Tinha lido sobre um Banco onde ninguém se senta no Viaduto Pacheco Pereira e lá fui investigar e a pergunta impõe-se:

O que faz um banco no meio do nada, entre uma arriba e uma das estradas mais movimentadas de Lisboa?

Quem passa pelo Viaduto Duarte Pacheco, antes de chegar às bombas de gasolina das Amoreiras, já teve ter feito essa pergunta várias vezes, a olhar para este mobiliário urbano, virado para a parede como estivesse de castigo. Para que serve o banco afinal?

É simples: para sentar. Quem? As pessoas que vieram passear para esta zona semi-ajardinada entre uma estrada de seis faixas e uma escarpa.

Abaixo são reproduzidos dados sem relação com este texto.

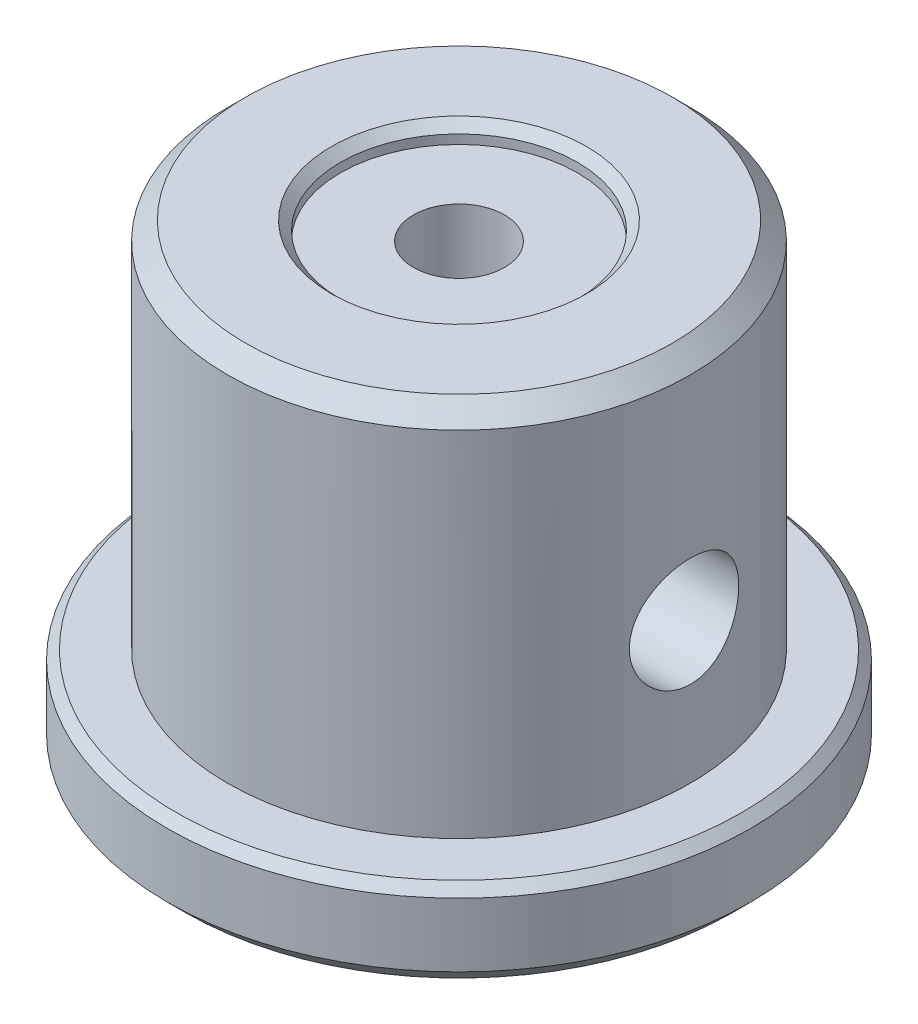
ISO-10303-21;
HEADER;
FILE_DESCRIPTION(('STEP AP214'),'2;1');
FILE_NAME('part.step','',(''),(''),'','','');
FILE_SCHEMA(('AUTOMOTIVE_DESIGN { 1 0 10303 214 1 1 1 1 }'));
ENDSEC;
DATA;
#1=APPLICATION_CONTEXT('core data for automotive mechanical design processes');
#2=APPLICATION_PROTOCOL_DEFINITION('international standard','automotive_design',2000,#1);
#3=PRODUCT_CONTEXT('',#1,'mechanical');
#4=PRODUCT('Part','Part','',(#3));
#5=PRODUCT_RELATED_PRODUCT_CATEGORY('part','',(#4));
#6=PRODUCT_DEFINITION_FORMATION('','',#4);
#7=PRODUCT_DEFINITION_CONTEXT('part definition',#1,'design');
#8=PRODUCT_DEFINITION('design','',#6,#7);
#9=PRODUCT_DEFINITION_SHAPE('','',#8);
#10=(LENGTH_UNIT() NAMED_UNIT(*) SI_UNIT(.MILLI.,.METRE.));
#11=(NAMED_UNIT(*) PLANE_ANGLE_UNIT() SI_UNIT($,.RADIAN.));
#12=(NAMED_UNIT(*) SI_UNIT($,.STERADIAN.) SOLID_ANGLE_UNIT());
#13=UNCERTAINTY_MEASURE_WITH_UNIT(LENGTH_MEASURE(1.E-05),#10,'distance_accuracy_value','');
#14=(GEOMETRIC_REPRESENTATION_CONTEXT(3) GLOBAL_UNCERTAINTY_ASSIGNED_CONTEXT((#13)) GLOBAL_UNIT_ASSIGNED_CONTEXT((#10,
#11,#12)) REPRESENTATION_CONTEXT('',''));
#15=CARTESIAN_POINT('',(0.,0.,0.));
#16=DIRECTION('',(0.,0.,1.));
#17=DIRECTION('',(1.,0.,0.));
#18=AXIS2_PLACEMENT_3D('',#15,#16,#17);
#19=CARTESIAN_POINT('',(0.,-11.7,0.));
#20=DIRECTION('',(0.,-1.,0.));
#21=DIRECTION('',(0.,0.,-1.));
#22=AXIS2_PLACEMENT_3D('',#19,#20,#21);
#23=CYLINDRICAL_SURFACE('',#22,2.5);
#24=CARTESIAN_POINT('',(0.,-1.6583123951777,-2.5));
#25=CARTESIAN_POINT('',(-0.088304410185564,-1.65832848527777,-2.49999381779257));
#26=CARTESIAN_POINT('',(-0.176759786009825,-1.6655210686776,-2.49526266006824));
#27=CARTESIAN_POINT('',(-0.35077788390269,-1.69279627564258,-2.47682990119872));
#28=CARTESIAN_POINT('',(-0.436329599685066,-1.71292318814634,-2.46309747522165));
#29=CARTESIAN_POINT('',(-0.635105310642334,-1.7723311567861,-2.42086856120701));
#30=CARTESIAN_POINT('',(-0.746191654487405,-1.81601359579225,-2.38871146123827));
#31=CARTESIAN_POINT('',(-0.959177816575186,-1.91336767201443,-2.31147102501776));
#32=CARTESIAN_POINT('',(-1.061046484653,-1.96707143083862,-2.26634586338956));
#33=CARTESIAN_POINT('',(-1.22904561401217,-2.0633128033891,-2.1784743531554));
#34=CARTESIAN_POINT('',(-1.29726159135526,-2.10482488185012,-2.1385289521929));
#35=CARTESIAN_POINT('',(-1.42928710039742,-2.18866644492365,-2.05264418187203));
#36=CARTESIAN_POINT('',(-1.49309472073759,-2.23099627404094,-2.00670223718894));
#37=CARTESIAN_POINT('',(-1.6777567676036,-2.35727388143592,-1.86006177209498));
#38=CARTESIAN_POINT('',(-1.79213663242395,-2.44068431676979,-1.75039822318641));
#39=CARTESIAN_POINT('',(-1.97859400578864,-2.58108364411647,-1.53331236095276));
#40=CARTESIAN_POINT('',(-2.05449822257982,-2.63992409122052,-1.43034863494402));
#41=CARTESIAN_POINT('',(-2.1913370573922,-2.74775790284001,-1.2102730649704));
#42=CARTESIAN_POINT('',(-2.25229592151062,-2.79676719280152,-1.0931846025589));
#43=CARTESIAN_POINT('',(-2.34711286507275,-2.8737292379046,-0.867930574105452));
#44=CARTESIAN_POINT('',(-2.38383396465568,-2.90385730730848,-0.761720558967916));
#45=CARTESIAN_POINT('',(-2.44298040968634,-2.9526038261635,-0.542834165009171));
#46=CARTESIAN_POINT('',(-2.46541399390808,-2.97122890852624,-0.430161553726257));
#47=CARTESIAN_POINT('',(-2.49460149564534,-2.99549160197878,-0.200906197669826));
#48=CARTESIAN_POINT('',(-2.50128982974754,-3.00107488956406,-0.0843091426465968));
#49=CARTESIAN_POINT('',(-2.4982977548847,-2.99858143529682,0.148527393661064));
#50=CARTESIAN_POINT('',(-2.48861770853832,-2.99050499605651,0.264766882809716));
#51=CARTESIAN_POINT('',(-2.45478575045629,-2.96241335973365,0.485446031322613));
#52=CARTESIAN_POINT('',(-2.43164888215418,-2.9432359451617,0.590154005534434));
#53=CARTESIAN_POINT('',(-2.37305216876755,-2.89501312358898,0.793626256853986));
#54=CARTESIAN_POINT('',(-2.33759055594486,-2.86596630103235,0.892389678949309));
#55=CARTESIAN_POINT('',(-2.25240882854878,-2.79690305459733,1.09053364635439));
#56=CARTESIAN_POINT('',(-2.20172823083574,-2.7561606192345,1.18924374927733));
#57=CARTESIAN_POINT('',(-2.08960330706299,-2.66744762527376,1.37677917974558));
#58=CARTESIAN_POINT('',(-2.02814930658852,-2.61947057552121,1.46559550453314));
#59=CARTESIAN_POINT('',(-1.86454067552574,-2.4944878939135,1.67280381279727));
#60=CARTESIAN_POINT('',(-1.75692877660215,-2.41452783856826,1.78517417530476));
#61=CARTESIAN_POINT('',(-1.58275969727699,-2.29203945368863,1.93670187620853));
#62=CARTESIAN_POINT('',(-1.522485831693,-2.25072631897241,1.98442734415742));
#63=CARTESIAN_POINT('',(-1.39772821451073,-2.16828375986482,2.07418694298424));
#64=CARTESIAN_POINT('',(-1.33324598900508,-2.12715427459339,2.11622312017878));
#65=CARTESIAN_POINT('',(-1.16888139552588,-2.02736013921577,2.21282833126485));
#66=CARTESIAN_POINT('',(-1.06653640056607,-1.96948181658004,2.26407571910762));
#67=CARTESIAN_POINT('',(-0.852138828462755,-1.86213853666711,2.35314050085765));
#68=CARTESIAN_POINT('',(-0.740114944373146,-1.81264991817824,2.39099600305927));
#69=CARTESIAN_POINT('',(-0.544179547487996,-1.74376607660709,2.4414108954061));
#70=CARTESIAN_POINT('',(-0.463001249716639,-1.71981949257405,2.45819358164965));
#71=CARTESIAN_POINT('',(-0.297038854325257,-1.68277668804568,2.48370273222149));
#72=CARTESIAN_POINT('',(-0.212263731105008,-1.66965496020135,2.49244814091896));
#73=CARTESIAN_POINT('',(-0.0405722934295429,-1.65659310081955,2.50115517387014));
#74=CARTESIAN_POINT('',(0.0463550146674118,-1.65674814862693,2.5010533736449));
#75=CARTESIAN_POINT('',(0.218705687513545,-1.67045143445787,2.49191597272525));
#76=CARTESIAN_POINT('',(0.304126803130151,-1.68401821733787,2.48286800185718));
#77=CARTESIAN_POINT('',(0.492184457339049,-1.7267988603849,2.45336046117379));
#78=CARTESIAN_POINT('',(0.593724968504624,-1.75909755109212,2.43059717464989));
#79=CARTESIAN_POINT('',(0.789632446399401,-1.83446297156782,2.37422567983509));
#80=CARTESIAN_POINT('',(0.883974414692776,-1.87756517999229,2.34058163140775));
#81=CARTESIAN_POINT('',(1.04599478329327,-1.95968409590129,2.27197464095645));
#82=CARTESIAN_POINT('',(1.11504573974773,-1.99758766640253,2.23884949579965));
#83=CARTESIAN_POINT('',(1.24902849720757,-2.07535316303084,2.16695951166941));
#84=CARTESIAN_POINT('',(1.31395814627361,-2.11521609327316,2.12819176063911));
#85=CARTESIAN_POINT('',(1.43983390582655,-2.19562728957069,2.04513177456922));
#86=CARTESIAN_POINT('',(1.50077670076393,-2.23617609161424,2.00083502832488));
#87=CARTESIAN_POINT('',(1.61858494910054,-2.31689068931587,1.90679633939304));
#88=CARTESIAN_POINT('',(1.67544826221828,-2.3570562744781,1.85705157250686));
#89=CARTESIAN_POINT('',(1.842454835183,-2.47761126043941,1.69691470794631));
#90=CARTESIAN_POINT('',(1.94593753871942,-2.55601135420397,1.57762869702065));
#91=CARTESIAN_POINT('',(2.08472063306061,-2.66368994822279,1.38213833429724));
#92=CARTESIAN_POINT('',(2.12821052951402,-2.69790353664307,1.3142814425198));
#93=CARTESIAN_POINT('',(2.20911674103365,-2.76217044277537,1.17320567310927));
#94=CARTESIAN_POINT('',(2.24653665115328,-2.79222622145722,1.09999000687015));
#95=CARTESIAN_POINT('',(2.32591734964354,-2.85642765987167,0.923231349702331));
#96=CARTESIAN_POINT('',(2.36521682406638,-2.88858366145246,0.817729906619421));
#97=CARTESIAN_POINT('',(2.42963624825053,-2.94156350531484,0.599797532910353));
#98=CARTESIAN_POINT('',(2.45476723543845,-2.96239616816155,0.487372072128383));
#99=CARTESIAN_POINT('',(2.48937715184511,-2.99113754779354,0.257904014589447));
#100=CARTESIAN_POINT('',(2.49878071508354,-2.99898403281667,0.140841922250429));
#101=CARTESIAN_POINT('',(2.50099563152832,-3.00082959064104,-0.0935504369182196));
#102=CARTESIAN_POINT('',(2.49380819649052,-2.99482967474112,-0.21088068353741));
#103=CARTESIAN_POINT('',(2.46450495298087,-2.97047572120601,-0.433478999214015));
#104=CARTESIAN_POINT('',(2.44351396324128,-2.95305281328287,-0.539003381840972));
#105=CARTESIAN_POINT('',(2.38895614773621,-2.9080705750889,-0.744442226622882));
#106=CARTESIAN_POINT('',(2.35538735536287,-2.88050965969777,-0.844355808688068));
#107=CARTESIAN_POINT('',(2.27438284471799,-2.81464343863442,-1.0438405515299));
#108=CARTESIAN_POINT('',(2.22611822789529,-2.77570403743571,-1.1428617285401));
#109=CARTESIAN_POINT('',(2.11879506711647,-2.69039800671957,-1.33135097301228));
#110=CARTESIAN_POINT('',(2.05972820092707,-2.6440256541589,-1.42081159008167));
#111=CARTESIAN_POINT('',(1.90195625237425,-2.52264851028665,-1.63002558091946));
#112=CARTESIAN_POINT('',(1.79777364325114,-2.44452820472334,-1.74390511945051));
#113=CARTESIAN_POINT('',(1.62884627072377,-2.32413331941839,-1.89807730985019));
#114=CARTESIAN_POINT('',(1.57032869950185,-2.28340098508491,-1.94675534900063));
#115=CARTESIAN_POINT('',(1.44915853027402,-2.20183068446821,-2.03855478653209));
#116=CARTESIAN_POINT('',(1.38650721384265,-2.16099275466,-2.08167789496707));
#117=CARTESIAN_POINT('',(1.22050831148748,-2.05749735800433,-2.18509588569703));
#118=CARTESIAN_POINT('',(1.11415765165371,-1.99554062285107,-2.24133685872228));
#119=CARTESIAN_POINT('',(0.890744315289479,-1.8799763526203,-2.33909634990328));
#120=CARTESIAN_POINT('',(0.773711928944043,-1.82634630603961,-2.38065496503422));
#121=CARTESIAN_POINT('',(0.570125763537391,-1.75197107121731,-2.43556494992112));
#122=CARTESIAN_POINT('',(0.486726207798392,-1.72624379189026,-2.4537026175718));
#123=CARTESIAN_POINT('',(0.315972131174008,-1.68613426001934,-2.48144437754558));
#124=CARTESIAN_POINT('',(0.228634203067296,-1.67170839549487,-2.49108129246948));
#125=CARTESIAN_POINT('',(0.117208675186534,-1.66228358000323,-2.49736160836694));
#126=CARTESIAN_POINT('',(0.0938071751244114,-1.66079886805539,-2.49834926640805));
#127=CARTESIAN_POINT('',(0.0469406806078007,-1.65881104526667,-2.49966934514013));
#128=CARTESIAN_POINT('',(0.023475675120653,-1.65830811763413,-2.50000164353618));
#129=CARTESIAN_POINT('',(0.,-1.6583123951777,-2.5));
#130=B_SPLINE_CURVE_WITH_KNOTS('',3,(#24,#25,#26,#27,#28,#29,#30,#31,#32,#33,#34,#35,#36,#37,
#38,#39,#40,#41,#42,#43,#44,#45,#46,#47,#48,#49,#50,#51,#52,#53,#54,#55,#56,#57,#58,#59,#60,#61,
#62,#63,#64,#65,#66,#67,#68,#69,#70,#71,#72,#73,#74,#75,#76,#77,#78,#79,#80,#81,#82,#83,#84,#85,
#86,#87,#88,#89,#90,#91,#92,#93,#94,#95,#96,#97,#98,#99,#100,#101,#102,#103,#104,#105,#106,#107,
#108,#109,#110,#111,#112,#113,#114,#115,#116,#117,#118,#119,#120,#121,#122,#123,#124,#125,#126,
#127,#128,#129),.UNSPECIFIED.,.T.,.F.,(4,2,2,2,2,2,2,2,2,2,2,2,2,2,2,2,2,2,2,2,2,2,2,2,2,2,2,2,
2,2,2,2,2,2,2,2,2,2,2,2,2,2,2,2,2,2,2,2,2,2,2,2,4),(0.,0.264807486843959,0.530526577859134,
0.899311711113916,1.26929988428696,1.53684271887073,1.80450083499513,2.33872733232382,
2.75963734355716,3.17985991852652,3.52745225260399,3.87484396861114,4.22368012855136,
4.57250856061374,4.89792180788527,5.22338174845522,5.57669292749804,5.93032301720748,
6.45212646169812,6.71375344417634,6.97528607349791,7.35902155845295,7.74165612186457,
7.99961659145731,8.25696746076718,8.51616339578941,8.77571823174391,9.10077852677668,
9.42692063321701,9.6829620521776,9.9391360815788,10.1955205112228,10.4520384827407,
10.9775613091595,11.2398627749287,11.502008316419,11.8517559716833,12.201230791394,
12.5523755496757,12.903494662228,13.2290536025831,13.5546634671053,13.903879771412,
14.2533662599301,14.7693582552691,15.0281495003973,15.2868608867407,15.691662084526,
16.0953490806584,16.3618811606764,16.6273795605045,16.697765340701,16.7681642541596),.UNSPECIFIED.);
#131=CARTESIAN_POINT('',(0.,-1.6583123951777,-2.5));
#132=VERTEX_POINT('',#131);
#133=EDGE_CURVE('E86',#132,#132,#130,.T.);
#134=ORIENTED_EDGE('',*,*,#133,.T.);
#135=EDGE_LOOP('',(#134));
#136=FACE_BOUND('',#135,.T.);
#137=CARTESIAN_POINT('',(0.,-11.7,0.));
#138=DIRECTION('',(0.,-1.,0.));
#139=DIRECTION('',(0.,0.,-1.));
#140=AXIS2_PLACEMENT_3D('',#137,#138,#139);
#141=CIRCLE('',#140,2.5);
#142=CARTESIAN_POINT('',(0.,-11.7,-2.5));
#143=VERTEX_POINT('',#142);
#144=EDGE_CURVE('E84',#143,#143,#141,.T.);
#145=ORIENTED_EDGE('',*,*,#144,.T.);
#146=EDGE_LOOP('',(#145));
#147=FACE_BOUND('',#146,.T.);
#148=ADVANCED_FACE('F34',(#136,#147),#23,.F.);
#149=CARTESIAN_POINT('',(0.,-11.7,0.));
#150=DIRECTION('',(0.,1.,0.));
#151=DIRECTION('',(0.,0.,1.));
#152=AXIS2_PLACEMENT_3D('',#149,#150,#151);
#153=PLANE('',#152);
#154=CARTESIAN_POINT('',(0.,-11.7,0.));
#155=DIRECTION('',(0.,-1.,0.));
#156=DIRECTION('',(0.,0.,-1.));
#157=AXIS2_PLACEMENT_3D('',#154,#155,#156);
#158=CIRCLE('',#157,9.00000000000001);
#159=CARTESIAN_POINT('',(0.,-11.7,-9.00000000000001));
#160=VERTEX_POINT('',#159);
#161=EDGE_CURVE('E81',#160,#160,#158,.T.);
#162=ORIENTED_EDGE('',*,*,#161,.T.);
#163=EDGE_LOOP('',(#162));
#164=FACE_BOUND('',#163,.T.);
#165=ORIENTED_EDGE('',*,*,#144,.F.);
#166=EDGE_LOOP('',(#165));
#167=FACE_BOUND('',#166,.T.);
#168=ADVANCED_FACE('F120',(#164,#167),#153,.F.);
#169=CARTESIAN_POINT('',(0.,-12.2,0.));
#170=DIRECTION('',(0.,-1.,0.));
#171=DIRECTION('',(0.,0.,-1.));
#172=AXIS2_PLACEMENT_3D('',#169,#170,#171);
#173=CONICAL_SURFACE('',#172,9.50000000000001,0.78539816339745);
#174=ORIENTED_EDGE('',*,*,#161,.F.);
#175=EDGE_LOOP('',(#174));
#176=FACE_BOUND('',#175,.T.);
#177=CARTESIAN_POINT('',(0.,-12.2,0.));
#178=DIRECTION('',(0.,1.,0.));
#179=DIRECTION('',(0.,0.,1.));
#180=AXIS2_PLACEMENT_3D('',#177,#178,#179);
#181=CIRCLE('',#180,9.50000000000001);
#182=CARTESIAN_POINT('',(0.,-12.2,9.50000000000001));
#183=VERTEX_POINT('',#182);
#184=EDGE_CURVE('E80',#183,#183,#181,.F.);
#185=ORIENTED_EDGE('',*,*,#184,.T.);
#186=EDGE_LOOP('',(#185));
#187=FACE_BOUND('',#186,.T.);
#188=ADVANCED_FACE('F116',(#176,#187),#173,.F.);
#189=CARTESIAN_POINT('',(0.,11.7,0.));
#190=DIRECTION('',(0.,1.,0.));
#191=DIRECTION('',(0.,0.,1.));
#192=AXIS2_PLACEMENT_3D('',#189,#190,#191);
#193=CYLINDRICAL_SURFACE('',#192,2.5);
#194=CARTESIAN_POINT('',(0.,1.6583123951777,2.5));
#195=CARTESIAN_POINT('',(-0.088304410185564,1.65832848527777,2.49999381779257));
#196=CARTESIAN_POINT('',(-0.176759786009825,1.6655210686776,2.49526266006824));
#197=CARTESIAN_POINT('',(-0.35077788390269,1.69279627564258,2.47682990119872));
#198=CARTESIAN_POINT('',(-0.436329599685066,1.71292318814634,2.46309747522165));
#199=CARTESIAN_POINT('',(-0.635105310642334,1.7723311567861,2.42086856120701));
#200=CARTESIAN_POINT('',(-0.746191654487405,1.81601359579225,2.38871146123827));
#201=CARTESIAN_POINT('',(-0.959177816575186,1.91336767201443,2.31147102501776));
#202=CARTESIAN_POINT('',(-1.061046484653,1.96707143083862,2.26634586338956));
#203=CARTESIAN_POINT('',(-1.22904561401217,2.0633128033891,2.1784743531554));
#204=CARTESIAN_POINT('',(-1.29726159135526,2.10482488185012,2.1385289521929));
#205=CARTESIAN_POINT('',(-1.42928710039742,2.18866644492365,2.05264418187203));
#206=CARTESIAN_POINT('',(-1.49309472073759,2.23099627404094,2.00670223718894));
#207=CARTESIAN_POINT('',(-1.6777567676036,2.35727388143592,1.86006177209498));
#208=CARTESIAN_POINT('',(-1.79213663242395,2.44068431676979,1.75039822318641));
#209=CARTESIAN_POINT('',(-1.97859400578864,2.58108364411647,1.53331236095276));
#210=CARTESIAN_POINT('',(-2.05449822257982,2.63992409122052,1.43034863494402));
#211=CARTESIAN_POINT('',(-2.1913370573922,2.74775790284001,1.2102730649704));
#212=CARTESIAN_POINT('',(-2.25229592151062,2.79676719280152,1.0931846025589));
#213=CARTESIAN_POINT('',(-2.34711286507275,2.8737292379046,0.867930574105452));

E por que raio alguém há de querer vir passear para uma zona verde entre uma via rápida e um calhau?

Por causa do calhau. E temos de recuar 97 milhões de anos atrás, altura em que o mar chegava ali. Vivia-se no entusiasmante Cretáceo Superior, antes do alcatrão, das ervas daninhas e do nosso querido banco de jardim.

É que naquele preciso local fica um dos 15 Geo-Monumentos de Lisboa . Para assinalar este geomonumento junto ao Viaduto Duarte Pacheco foi colocado ali ao lado um marco e… um banco.

É verdade que ninguém se senta nele mas, afinal, tem uma razão de ser. Está desvendado o mistério.